Investors increasingly take on directors
A study by Thomson Reuters shows investor rebellions against company directors have risen this year, with 42 directors of companies in the FTSE 100 and FTSE 250 facing big votes against their re-election at annual meetings, with this up from 30 last year. The analysis found that 33 companies suffered votes of 20% or more against their annual remuneration reports, compared with 17 a year ago. There were 16 climate-related shareholder resolutions seen in 2021, compared to only five in 2020 and just three in 2019. Hilary Owens Gray, a director at Thomson Reuters’ practical law business, comments: “Shareholders are becoming more vocal in making sure companies set sensible remuneration targets for directors and address how they are going to play their part in tackling climate change.”

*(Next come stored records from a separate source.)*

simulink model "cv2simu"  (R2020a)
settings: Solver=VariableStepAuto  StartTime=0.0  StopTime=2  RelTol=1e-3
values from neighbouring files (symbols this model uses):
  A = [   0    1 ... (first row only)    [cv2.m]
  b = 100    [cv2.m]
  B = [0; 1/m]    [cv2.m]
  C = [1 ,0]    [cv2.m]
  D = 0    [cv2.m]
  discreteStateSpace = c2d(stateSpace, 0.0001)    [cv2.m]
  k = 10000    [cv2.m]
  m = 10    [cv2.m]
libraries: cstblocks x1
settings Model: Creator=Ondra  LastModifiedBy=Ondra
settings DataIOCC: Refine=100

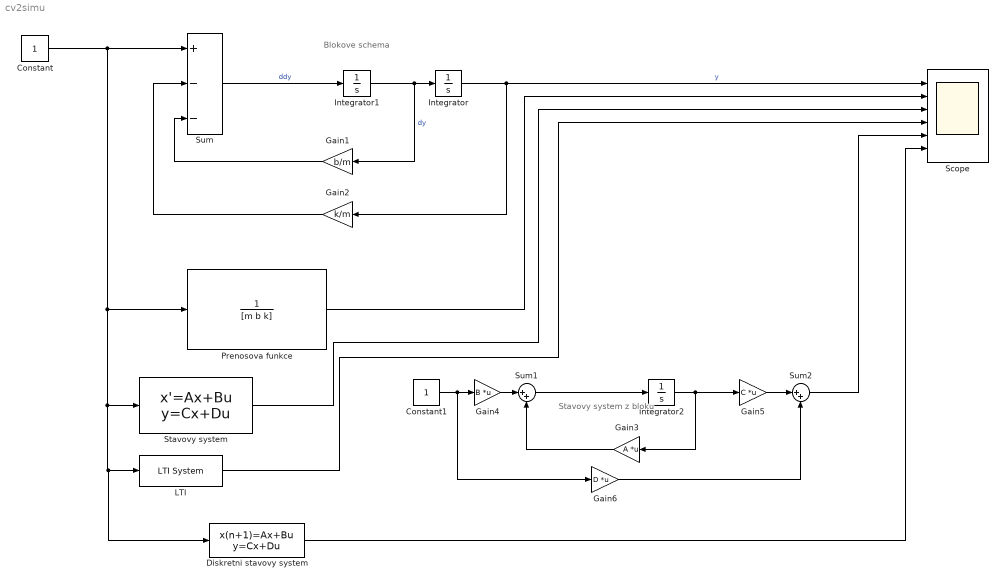
== system cv2simu ==
  note: Blokove schema
  note: Stavovy system z bloku
  Constant : Constant
  Constant1 : Constant
  Diskretni stavovy system : DiscreteStateSpace  A=discreteStateSpace.A  B=discreteStateSpace.B  C=discreteStateSpace.C  D=discreteStateSpace.D  SampleTime=-1
  Gain1 : Gain  Gain=b/m
  Gain2 : Gain  Gain=k/m
  Gain3 : Gain  Gain=A  Multiplication=Matrix(K*u)
  Gain4 : Gain  Gain=B  Multiplication=Matrix(K*u)
  Gain5 : Gain  Gain=C  Multiplication=Matrix(K*u)
  Gain6 : Gain  Gain=D  Multiplication=Matrix(K*u)
  Integrator : Integrator
  Integrator1 : Integrator
  Integrator2 : Integrator
  LTI : cstblocks/LTI System  sys=tf(1,[m b k])  IC=[]
  Prenosova funkce : TransferFcn  Denominator=[m b k]
  Scope : Scope  NumInputPorts=6
  Stavovy system : StateSpace  A=A  B=B  C=C  D=D  InitialCondition=0
  Sum : Sum  Inputs=+--
  Sum1 : Sum  Inputs=|++
  Sum2 : Sum  Inputs=|++
  wires:
  Integrator1/1 -> Gain1/1, Integrator/1  "dy"
  Integrator/1 -> Gain2/1, Scope/1  "y"
  Sum/1 -> Integrator1/1  "ddy"
  Constant/1 -> Diskretni stavovy system/1, LTI/1, Stavovy system/1, Prenosova funkce/1, Sum/1
  Gain1/1 -> Sum/3
  Gain2/1 -> Sum/2
  Prenosova funkce/1 -> Scope/2
  Sum1/1 -> Integrator2/1
  Constant1/1 -> Gain6/1, Gain4/1
  Gain4/1 -> Sum1/1
  Integrator2/1 -> Gain5/1, Gain3/1
  Stavovy system/1 -> Scope/3
  LTI/1 -> Scope/4
  Gain6/1 -> Sum2/2
  Gain5/1 -> Sum2/1
  Sum2/1 -> Scope/5
  Diskretni stavovy system/1 -> Scope/6
  Gain3/1 -> Sum1/2

Housing market set to be busy but less frantic in 2022
Rightmove expects the housing market to stay busy but return to more normal levels of activity in 2022, saying it believes that following a “frenzied” 18 months, the market is heading for a “less frenetic” period. The property platform noted that one sign of a return to more traditional conditions was the appearance of the usual  “December dip”, with the average asking price falling by 0.7% over the past month. Rightmove’s Tim Bannister said that an interest rate rise was likely next year, and that while a rate rise was often regarded as unhelpful to the market, “a slowing of the fast pace of sales, and associated pace of price rises, will help the return to more normality that will suit many movers”. Rightmove data shows that the average asking price of a UK home is now £340,167 compared with £342,401 a month ago, with the annual rate of price growth static at 6.3%. It has predicted that house prices will rise by 5% next year, with buyer demand and market momentum “remain strong going into 2022”.

Biggest banks pass BoE stress test
The Bank of England (BoE) says Britain’s financial system is healthy enough to withstand a deep recession, saying major UK banks “are strong enough to keep supporting households and businesses, even in severe scenarios”. The Bank’s annual stress test found that the country’s eight biggest lenders would not see their levels of capital drop to dangerous levels, even in a scenario where unemployment climbed to 12% and house prices crashed by 33%. Releasing the findings, the BoE said it would raise the capital requirements for UK banks next year, with the Bank also consulting on loosening affordability limits on mortgages. It also warned that it was monitoring the increasing use and popularity of cryptocurrencies. Noting that the “direct risks to the stability of the UK financial system from cryptoassets are currently limited,” the Financial Policy Committee added: “However, at the current rapid pace of growth, and as these assets become more interconnected with the wider financial system, cryptoassets will present a number of financial stability risks.” Reflecting on the stress test report, BoE governor Andrew Bailey said the “system can withstand a stress that’s much larger than the stress we’ve seen so far”. However, the Bank warned that the pandemic could still have “a greater impact” on the economy, especially in light of new variants.